Task to carry out -
For the word "updated", find each line in the entries where it occurs and copy that line.

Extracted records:
------------

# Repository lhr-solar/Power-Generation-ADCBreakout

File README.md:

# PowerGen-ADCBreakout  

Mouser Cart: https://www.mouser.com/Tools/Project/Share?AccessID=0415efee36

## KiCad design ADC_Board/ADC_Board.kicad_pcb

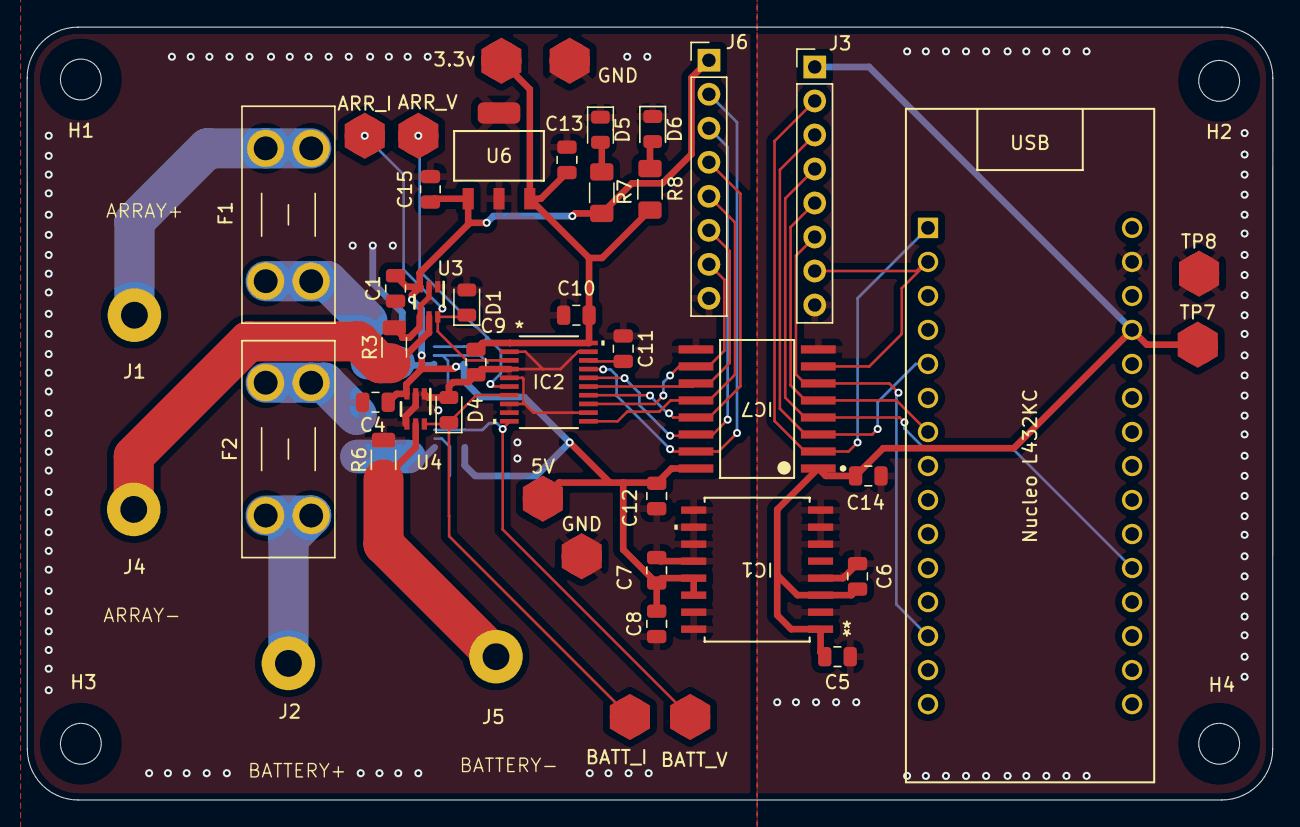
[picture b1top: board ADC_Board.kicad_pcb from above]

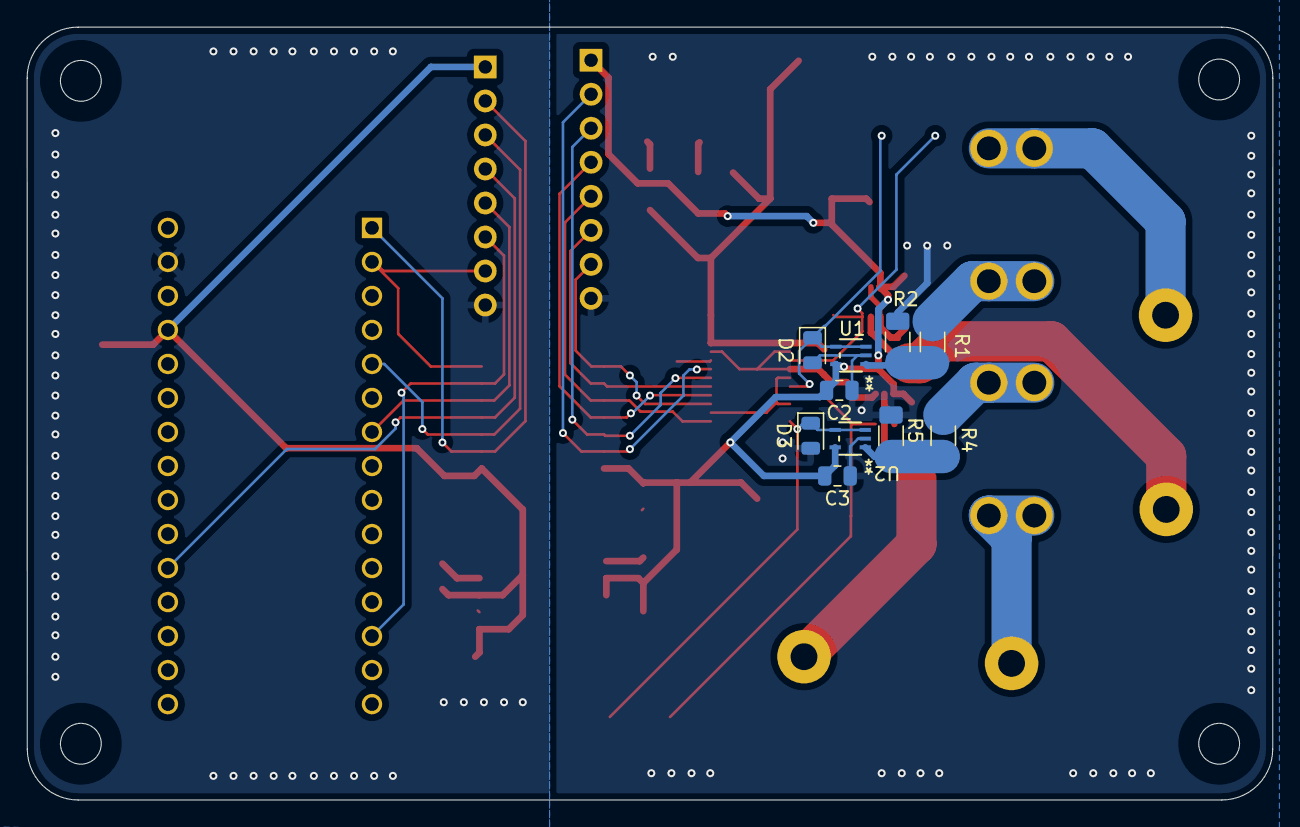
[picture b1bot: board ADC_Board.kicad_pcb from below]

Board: 2 copper layers, 93.0 x 57.7 mm, 60 parts (10 on the bottom side), 32 nets.

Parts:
3.3v, 5V: TestPoint; TestPoint_HEX_3mmID
ARR_I: ARRI_TP; TestPoint_HEX_3mmID
ARR_V: ARRV_TP; TestPoint_HEX_3mmID
BATT_I: BATTI_TP; TestPoint_HEX_3mmID
BATT_V: BATTV_TP; TestPoint_HEX_3mmID
C1, C2, C3, C4: 100nF; C_0805_2012Metric
C5, C8, C12, C14: 0.1u; C_0805_2012Metric
C6, C7: 10u; C_0805_2012Metric
C9, C10: 1u; C_0805_2012Metric
C11: 220n; C_0805_2012Metric
C13: 33u; C_0805_2012Metric
C15: 0.47u; C_0805_2012Metric
D1, D4: 3.3V Zener; D_0805_2012Metric
D2, D3: 3V3; D_0805_2012Metric
D5: 5v_LED; LED_0805_2012Metric
D6: 3.3v_LED; LED_0805_2012Metric
F1, F2: Fuse; Fuseholder_Blade_Mini_Keystone_3568
GND: TestPoint; TestPoint_HEX_3mmID
GND#2: TestPoint; TestPoint_HEX_3mmID
H1, H2, H3, H4: MountingHole; MountingHole_4-40_PanHead
IC1: UCC12040DVE; SO_0DVER_TEX
IC2: ADS131M04QPWRQ1; TSSOP20_PW_TEX
IC7: ISO7762FDWR; DW0016B-IPC_A
J1, J2, J4, J5: Conn_01x01_Pin; Banana_Jack_1_Pin_4mm
J3, J6: Conn_01x08_Pin; PinHeader_1x08_P2.54mm_Vertical
R1, R4: 100k; R_1206_3216Metric_Pad1.30x1.75mm_HandSolder
R2, R7: 3k; R_1206_3216Metric_Pad1.30x1.75mm_HandSolder
R3, R6: 2m; R_1206_3216Metric
R5, R8: 2k; R_1206_3216Metric_Pad1.30x1.75mm_HandSolder
TP7, TP8: TestPoint; TestPoint_HEX_3mmID
U1, U2: OPA990IDCKR; SC_90IDCKR_TEX
U3, U4: INA210AIDCKR; DCK0006A_N
U5: Nucleo_L432KC; NucleoL432KC
U6: LM3940IMP-3.3; MP04A

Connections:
+3.3V: 3.3v.1, C9.1, C10.1, C13.1, IC2.1 (AVDD), IC2.20 (DVDD), R8.1, U6.3 (OUT)
+5V: 5V.1, C1.2, C2.2, C3.2, C4.2, C7.2, C8.2, C12.1, C15.1, IC1.13 (SEL), IC1.14 (VISO), IC7.16 (VCC2), J6.1, R7.1, U1.5 (V+), U2.5 (V+), U3.3 (V+), U4.3 (V+), U6.1 (IN)
+5V_I: C5.2, C6.1, C14.1, IC1.1 (EN), IC1.3 (VINP), IC7.1 (VCC1), J3.1, TP7.1, U5.27 (+5V)
/ADC_DRIVER_CLK: IC2.17 (CLKIN), IC7.15 (OUTA), J6.2
/ADC_DRIVER_CLK_I: IC7.2 (INA), J3.2, U5.1 (D1)
/ARR+: F1.1, J1.1
/ARR+_IN: F1.2, R1.2
/ARR-: J4.1, R3.1, U3.5 (IN-)
/ARRAY_CURRENT+: ARR_I.1, D1.1 (K), IC2.3 (AIN0P), U3.6 (OUT)
/ARRAY_VOLTAGE+: ARR_V.1, D2.1 (K), IC2.6 (AIN1P), U1.3 (IN-), U1.4 (OUT)
/BATT+_IN: F2.2, R4.2
/BATTERY+: F2.1, J2.1
/BATTERY-: J5.1, R6.1, U4.5 (IN-)
/BATTERY_CURRENT+: BATT_I.1, D4.1 (K), IC2.7 (AIN2P), U4.6 (OUT)
/BATTERY_VOLTAGE+: BATT_V.1, D3.1 (K), IC2.10 (AIN3P), U2.3 (IN-), U2.4 (OUT)
/DRDY: IC2.13 (~DRDY), IC7.10 (INF), J6.7
/DRDY_I: IC7.7 (OUTF), J3.7, U5.2 (D0)
/MISO: IC2.15 (DOUT), IC7.11 (INE), J6.6
/MISO_I: IC7.6 (OUTE), J3.6, U5.13 (D10)
/MOSI: IC2.16 (DIN), IC7.14 (OUTB), J6.3
/MOSI_I: IC7.3 (INB), J3.3, U5.5 (D2)
/SPI_CLOCK: IC2.14 (SCLK), IC7.13 (OUTC), J6.4
/SPI_CLOCK_I: IC7.4 (INC), J3.4, U5.20 (A1)
/SYNC/RESET: IC2.11 (~SYNC/~RESET), IC7.12 (OUTD), J6.5
/SYNC/RESET_I: IC7.5 (IND), J3.5, U5.7 (D4)
GND: C1.1, C2.1, C3.1, C4.1, C7.1, C8.1, C9.2, C10.2, C11.1, C12.2, C13.2, C15.2, D1.2 (A), D2.2 (A), D3.2 (A), D4.2 (A), D5.1 (K), D6.1 (K), GND.1, GND#2.1, IC1.9 (GNDS_1), IC1.10 (NC_4), IC1.11 (NC_5), IC1.12 (NC_6), IC1.15 (GNDS_2), IC1.16 (GNDS_3), IC2.2 (AGND), IC2.4 (AIN0N), IC2.5 (AIN1N), IC2.8 (AIN2N), IC2.9 (AIN3N), IC2.12 (~CS), IC2.19 (DGND), IC7.9 (GND2), J6.8, R2.2, R3.2, R5.2, R6.2, U1.2 (V-), U2.2 (V-), U3.1 (REF), U3.2 (GND), U3.4 (IN+), U4.1 (REF), U4.2 (GND), U4.4 (IN+), U6.2 (GND), U6.4
GND_I: C5.1, C6.2, C14.2, IC1.2 (GNDP), IC1.4 (SYNC), IC1.6 (NC_1), IC1.7 (NC_2), IC1.8 (NC_3), IC7.8 (GND1), J3.8, TP8.1, U5.29 (GND)
unnamed: D5.2 (A), R7.2
unnamed: D6.2 (A), R8.2
unnamed: C11.2, IC2.18 (CAP)
unnamed: R1.1, R2.1, U1.1 (IN+)
unnamed: R4.1, R5.1, U2.1 (IN+)

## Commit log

2024-11-01 Initial commit of first iteration
2024-11-01 gitignore file to not ensure we don't track changes of irrelevant files
2024-11-01 Schematic with RC filter on Op Amps
2024-11-02 Changes made after v1 to address Lakshay and Ishaans comments
2024-11-02 Added RC filters to first commit of v2 during workday
2024-11-09 add gitignore
2024-11-09 fix gitignore
2024-11-09 fix another gitignore problem
2024-11-09 removed cached
2024-11-09 Addressed the comments from Champeys review. Including adding an isolation chip for the SPI. Changing Amplifiers to non-isolating to avoid running signal through ADC twice. As well as a few small cha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
2024-11-09 Made changes to address Champey's review. Including replacing isolated amplifiers with standard amplifiers and adding a digital isolator to the SPI communication between the ADC and the Nucleo. Also 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
2024-11-23 Fixed some small issues from last review, and resolved all ERC problems
2024-11-23 Addressed small issues from ERC and from review, also updated symbols and made sure all datasheets were linked
2024-11-23 Smalll changes made to address ERC issues and review, also updated symbols and ensured all datasheets were linked
2024-11-23 Small changes made to address ERC and review, also updated symbols and added datasheet links
2024-11-23 added symbols
2024-12-04 Created Layout
2024-12-30 Added 3.3v input power to schematic
2025-01-24 Added a few small things to address reviews. Made a lot of improvements to readability.
2025-02-01 Same schematic as v2.1 with layout reiterated.
2025-03-02 final iteration of schematic before printing
2025-03-02 added gerber files
2025-03-12 made changes to layout and schematic
2025-03-12 Added gerbers
2025-03-25 Addressed Ravi's Review
2025-03-25 Adressed Ravis Review
2025-03-26 Fixed LDO pad, moved bypass caps, added more stitching vias, and cleaned up some silkscreen stuff
2025-03-29 cleaned up some traces

------------

Response below -
2024-11-23 Addressed small issues from ERC and from review, also updated symbols and made sure all datasheets were linked
2024-11-23 Smalll changes made to address ERC issues and review, also updated symbols and ensured all datasheets were linked
2024-11-23 Small changes made to address ERC and review, also updated symbols and added datasheet links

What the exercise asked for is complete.